--- Source information ---

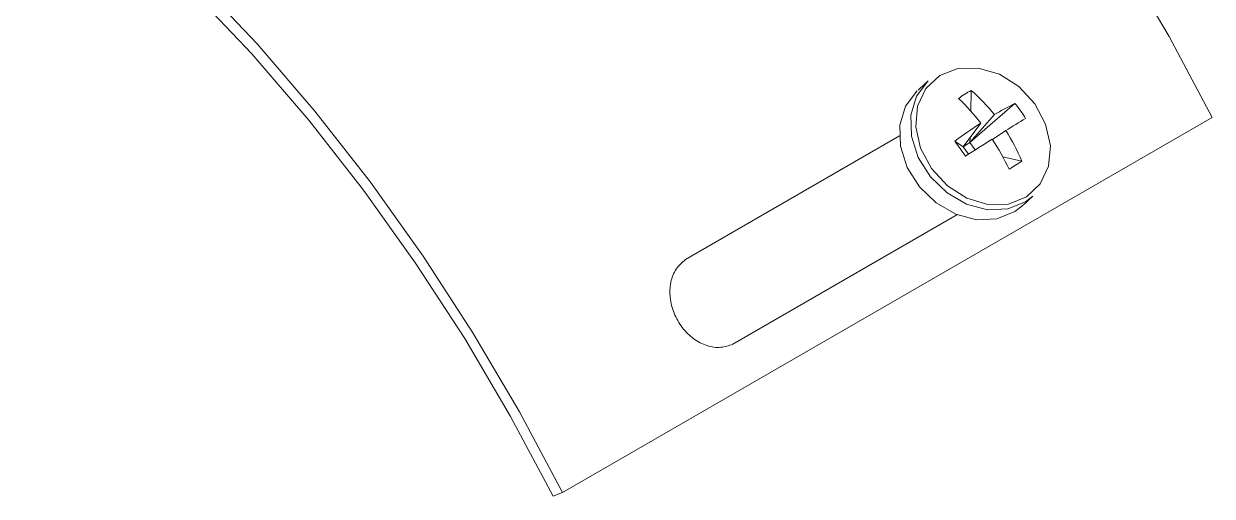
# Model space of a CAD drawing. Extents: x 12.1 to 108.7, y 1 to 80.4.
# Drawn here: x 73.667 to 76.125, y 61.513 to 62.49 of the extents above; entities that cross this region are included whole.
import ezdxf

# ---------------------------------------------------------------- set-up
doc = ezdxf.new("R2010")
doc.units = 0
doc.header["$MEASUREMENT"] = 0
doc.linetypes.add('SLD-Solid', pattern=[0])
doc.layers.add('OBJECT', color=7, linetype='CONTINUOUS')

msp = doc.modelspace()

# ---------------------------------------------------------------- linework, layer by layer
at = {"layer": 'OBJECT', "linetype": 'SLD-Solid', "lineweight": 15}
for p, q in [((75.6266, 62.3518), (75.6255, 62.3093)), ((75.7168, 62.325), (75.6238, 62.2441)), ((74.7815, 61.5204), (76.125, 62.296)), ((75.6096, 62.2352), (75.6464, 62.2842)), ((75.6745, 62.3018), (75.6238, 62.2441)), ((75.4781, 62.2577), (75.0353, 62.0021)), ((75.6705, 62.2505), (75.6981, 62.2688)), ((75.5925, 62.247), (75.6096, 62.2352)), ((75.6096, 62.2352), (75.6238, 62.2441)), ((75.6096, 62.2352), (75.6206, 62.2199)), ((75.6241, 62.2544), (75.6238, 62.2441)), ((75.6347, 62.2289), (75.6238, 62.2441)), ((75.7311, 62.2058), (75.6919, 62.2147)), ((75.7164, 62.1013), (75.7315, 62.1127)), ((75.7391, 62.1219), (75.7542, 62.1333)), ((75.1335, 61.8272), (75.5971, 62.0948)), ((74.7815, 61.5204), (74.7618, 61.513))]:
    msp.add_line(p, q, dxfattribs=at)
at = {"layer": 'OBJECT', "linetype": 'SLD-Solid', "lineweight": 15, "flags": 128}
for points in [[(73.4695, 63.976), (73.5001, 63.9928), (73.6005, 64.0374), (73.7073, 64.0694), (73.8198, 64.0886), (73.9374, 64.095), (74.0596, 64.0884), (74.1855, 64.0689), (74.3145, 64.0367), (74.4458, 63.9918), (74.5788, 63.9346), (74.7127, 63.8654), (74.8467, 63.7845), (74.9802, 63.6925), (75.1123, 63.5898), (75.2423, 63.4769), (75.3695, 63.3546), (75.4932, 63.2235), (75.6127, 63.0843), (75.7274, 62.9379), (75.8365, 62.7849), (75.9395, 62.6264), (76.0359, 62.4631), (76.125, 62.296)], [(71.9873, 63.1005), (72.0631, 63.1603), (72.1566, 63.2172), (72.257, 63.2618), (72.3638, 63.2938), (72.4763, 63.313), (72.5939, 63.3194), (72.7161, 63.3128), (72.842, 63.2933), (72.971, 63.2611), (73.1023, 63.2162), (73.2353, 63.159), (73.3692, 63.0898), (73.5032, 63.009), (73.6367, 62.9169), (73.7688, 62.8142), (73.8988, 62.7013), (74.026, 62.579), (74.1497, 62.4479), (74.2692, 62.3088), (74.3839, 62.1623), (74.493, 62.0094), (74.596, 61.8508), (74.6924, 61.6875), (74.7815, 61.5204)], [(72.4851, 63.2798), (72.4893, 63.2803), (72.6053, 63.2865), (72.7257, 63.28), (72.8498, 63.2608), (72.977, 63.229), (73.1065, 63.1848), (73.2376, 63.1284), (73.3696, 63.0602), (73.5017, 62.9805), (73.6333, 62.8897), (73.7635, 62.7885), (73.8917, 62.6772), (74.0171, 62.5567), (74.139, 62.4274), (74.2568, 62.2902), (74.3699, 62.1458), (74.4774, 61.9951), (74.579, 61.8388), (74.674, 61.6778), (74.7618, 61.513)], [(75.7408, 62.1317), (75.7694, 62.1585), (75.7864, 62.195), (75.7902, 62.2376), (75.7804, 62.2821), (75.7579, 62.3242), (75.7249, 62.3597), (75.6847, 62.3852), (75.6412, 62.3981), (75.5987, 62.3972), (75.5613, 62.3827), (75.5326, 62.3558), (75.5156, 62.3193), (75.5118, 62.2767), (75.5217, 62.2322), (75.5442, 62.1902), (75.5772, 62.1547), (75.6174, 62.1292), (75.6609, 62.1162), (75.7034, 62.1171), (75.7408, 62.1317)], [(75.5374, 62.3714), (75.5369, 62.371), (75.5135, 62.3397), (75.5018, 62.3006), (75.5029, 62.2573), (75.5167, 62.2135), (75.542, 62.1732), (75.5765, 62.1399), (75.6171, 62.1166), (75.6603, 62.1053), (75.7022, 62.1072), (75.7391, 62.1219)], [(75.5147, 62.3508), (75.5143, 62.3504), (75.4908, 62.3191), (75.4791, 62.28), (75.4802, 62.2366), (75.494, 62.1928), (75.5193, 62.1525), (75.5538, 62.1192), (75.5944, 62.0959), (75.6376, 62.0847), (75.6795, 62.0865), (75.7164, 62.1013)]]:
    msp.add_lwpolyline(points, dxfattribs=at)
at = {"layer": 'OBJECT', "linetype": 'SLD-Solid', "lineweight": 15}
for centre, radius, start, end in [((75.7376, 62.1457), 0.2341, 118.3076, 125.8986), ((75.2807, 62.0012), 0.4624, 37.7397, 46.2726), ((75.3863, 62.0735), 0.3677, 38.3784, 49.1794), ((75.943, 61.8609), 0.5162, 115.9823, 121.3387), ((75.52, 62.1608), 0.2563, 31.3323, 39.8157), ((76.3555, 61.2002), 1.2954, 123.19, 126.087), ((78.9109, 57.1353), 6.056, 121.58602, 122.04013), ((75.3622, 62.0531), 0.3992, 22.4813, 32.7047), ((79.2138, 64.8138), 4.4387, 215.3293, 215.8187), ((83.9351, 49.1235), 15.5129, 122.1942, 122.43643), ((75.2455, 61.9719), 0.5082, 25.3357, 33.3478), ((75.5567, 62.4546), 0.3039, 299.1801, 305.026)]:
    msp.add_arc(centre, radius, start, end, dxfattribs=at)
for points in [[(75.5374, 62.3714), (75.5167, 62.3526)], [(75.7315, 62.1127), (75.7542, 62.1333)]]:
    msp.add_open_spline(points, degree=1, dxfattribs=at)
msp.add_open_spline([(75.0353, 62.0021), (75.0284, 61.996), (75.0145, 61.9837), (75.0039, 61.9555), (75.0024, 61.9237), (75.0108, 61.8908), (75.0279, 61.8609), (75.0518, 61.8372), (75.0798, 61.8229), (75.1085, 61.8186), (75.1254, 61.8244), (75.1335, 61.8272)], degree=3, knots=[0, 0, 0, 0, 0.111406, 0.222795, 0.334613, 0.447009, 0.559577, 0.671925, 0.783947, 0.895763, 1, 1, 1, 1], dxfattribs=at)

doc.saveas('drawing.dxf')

---

What the exercise asks: Output the listing above exactly, but leave its pictures behind.

Output for this exercise:
# Model space of a CAD drawing. Extents: x 12.1 to 108.7, y 1 to 80.4.
# Drawn here: x 73.667 to 76.125, y 61.513 to 62.49 of the extents above; entities that cross this region are included whole.
import ezdxf

# ---------------------------------------------------------------- set-up
doc = ezdxf.new("R2010")
doc.units = 0
doc.header["$MEASUREMENT"] = 0
doc.linetypes.add('SLD-Solid', pattern=[0])
doc.layers.add('OBJECT', color=7, linetype='CONTINUOUS')

msp = doc.modelspace()

# ---------------------------------------------------------------- linework, layer by layer
at = {"layer": 'OBJECT', "linetype": 'SLD-Solid', "lineweight": 15}
for p, q in [((75.6266, 62.3518), (75.6255, 62.3093)), ((75.7168, 62.325), (75.6238, 62.2441)), ((74.7815, 61.5204), (76.125, 62.296)), ((75.6096, 62.2352), (75.6464, 62.2842)), ((75.6745, 62.3018), (75.6238, 62.2441)), ((75.4781, 62.2577), (75.0353, 62.0021)), ((75.6705, 62.2505), (75.6981, 62.2688)), ((75.5925, 62.247), (75.6096, 62.2352)), ((75.6096, 62.2352), (75.6238, 62.2441)), ((75.6096, 62.2352), (75.6206, 62.2199)), ((75.6241, 62.2544), (75.6238, 62.2441)), ((75.6347, 62.2289), (75.6238, 62.2441)), ((75.7311, 62.2058), (75.6919, 62.2147)), ((75.7164, 62.1013), (75.7315, 62.1127)), ((75.7391, 62.1219), (75.7542, 62.1333)), ((75.1335, 61.8272), (75.5971, 62.0948)), ((74.7815, 61.5204), (74.7618, 61.513))]:
    msp.add_line(p, q, dxfattribs=at)
at = {"layer": 'OBJECT', "linetype": 'SLD-Solid', "lineweight": 15, "flags": 128}
for points in [[(73.4695, 63.976), (73.5001, 63.9928), (73.6005, 64.0374), (73.7073, 64.0694), (73.8198, 64.0886), (73.9374, 64.095), (74.0596, 64.0884), (74.1855, 64.0689), (74.3145, 64.0367), (74.4458, 63.9918), (74.5788, 63.9346), (74.7127, 63.8654), (74.8467, 63.7845), (74.9802, 63.6925), (75.1123, 63.5898), (75.2423, 63.4769), (75.3695, 63.3546), (75.4932, 63.2235), (75.6127, 63.0843), (75.7274, 62.9379), (75.8365, 62.7849), (75.9395, 62.6264), (76.0359, 62.4631), (76.125, 62.296)], [(71.9873, 63.1005), (72.0631, 63.1603), (72.1566, 63.2172), (72.257, 63.2618), (72.3638, 63.2938), (72.4763, 63.313), (72.5939, 63.3194), (72.7161, 63.3128), (72.842, 63.2933), (72.971, 63.2611), (73.1023, 63.2162), (73.2353, 63.159), (73.3692, 63.0898), (73.5032, 63.009), (73.6367, 62.9169), (73.7688, 62.8142), (73.8988, 62.7013), (74.026, 62.579), (74.1497, 62.4479), (74.2692, 62.3088), (74.3839, 62.1623), (74.493, 62.0094), (74.596, 61.8508), (74.6924, 61.6875), (74.7815, 61.5204)], [(72.4851, 63.2798), (72.4893, 63.2803), (72.6053, 63.2865), (72.7257, 63.28), (72.8498, 63.2608), (72.977, 63.229), (73.1065, 63.1848), (73.2376, 63.1284), (73.3696, 63.0602), (73.5017, 62.9805), (73.6333, 62.8897), (73.7635, 62.7885), (73.8917, 62.6772), (74.0171, 62.5567), (74.139, 62.4274), (74.2568, 62.2902), (74.3699, 62.1458), (74.4774, 61.9951), (74.579, 61.8388), (74.674, 61.6778), (74.7618, 61.513)], [(75.7408, 62.1317), (75.7694, 62.1585), (75.7864, 62.195), (75.7902, 62.2376), (75.7804, 62.2821), (75.7579, 62.3242), (75.7249, 62.3597), (75.6847, 62.3852), (75.6412, 62.3981), (75.5987, 62.3972), (75.5613, 62.3827), (75.5326, 62.3558), (75.5156, 62.3193), (75.5118, 62.2767), (75.5217, 62.2322), (75.5442, 62.1902), (75.5772, 62.1547), (75.6174, 62.1292), (75.6609, 62.1162), (75.7034, 62.1171), (75.7408, 62.1317)], [(75.5374, 62.3714), (75.5369, 62.371), (75.5135, 62.3397), (75.5018, 62.3006), (75.5029, 62.2573), (75.5167, 62.2135), (75.542, 62.1732), (75.5765, 62.1399), (75.6171, 62.1166), (75.6603, 62.1053), (75.7022, 62.1072), (75.7391, 62.1219)], [(75.5147, 62.3508), (75.5143, 62.3504), (75.4908, 62.3191), (75.4791, 62.28), (75.4802, 62.2366), (75.494, 62.1928), (75.5193, 62.1525), (75.5538, 62.1192), (75.5944, 62.0959), (75.6376, 62.0847), (75.6795, 62.0865), (75.7164, 62.1013)]]:
    msp.add_lwpolyline(points, dxfattribs=at)
at = {"layer": 'OBJECT', "linetype": 'SLD-Solid', "lineweight": 15}
for centre, radius, start, end in [((75.7376, 62.1457), 0.2341, 118.3076, 125.8986), ((75.2807, 62.0012), 0.4624, 37.7397, 46.2726), ((75.3863, 62.0735), 0.3677, 38.3784, 49.1794), ((75.943, 61.8609), 0.5162, 115.9823, 121.3387), ((75.52, 62.1608), 0.2563, 31.3323, 39.8157), ((76.3555, 61.2002), 1.2954, 123.19, 126.087), ((78.9109, 57.1353), 6.056, 121.58602, 122.04013), ((75.3622, 62.0531), 0.3992, 22.4813, 32.7047), ((79.2138, 64.8138), 4.4387, 215.3293, 215.8187), ((83.9351, 49.1235), 15.5129, 122.1942, 122.43643), ((75.2455, 61.9719), 0.5082, 25.3357, 33.3478), ((75.5567, 62.4546), 0.3039, 299.1801, 305.026)]:
    msp.add_arc(centre, radius, start, end, dxfattribs=at)
for points in [[(75.5374, 62.3714), (75.5167, 62.3526)], [(75.7315, 62.1127), (75.7542, 62.1333)]]:
    msp.add_open_spline(points, degree=1, dxfattribs=at)
msp.add_open_spline([(75.0353, 62.0021), (75.0284, 61.996), (75.0145, 61.9837), (75.0039, 61.9555), (75.0024, 61.9237), (75.0108, 61.8908), (75.0279, 61.8609), (75.0518, 61.8372), (75.0798, 61.8229), (75.1085, 61.8186), (75.1254, 61.8244), (75.1335, 61.8272)], degree=3, knots=[0, 0, 0, 0, 0.111406, 0.222795, 0.334613, 0.447009, 0.559577, 0.671925, 0.783947, 0.895763, 1, 1, 1, 1], dxfattribs=at)

doc.saveas('drawing.dxf')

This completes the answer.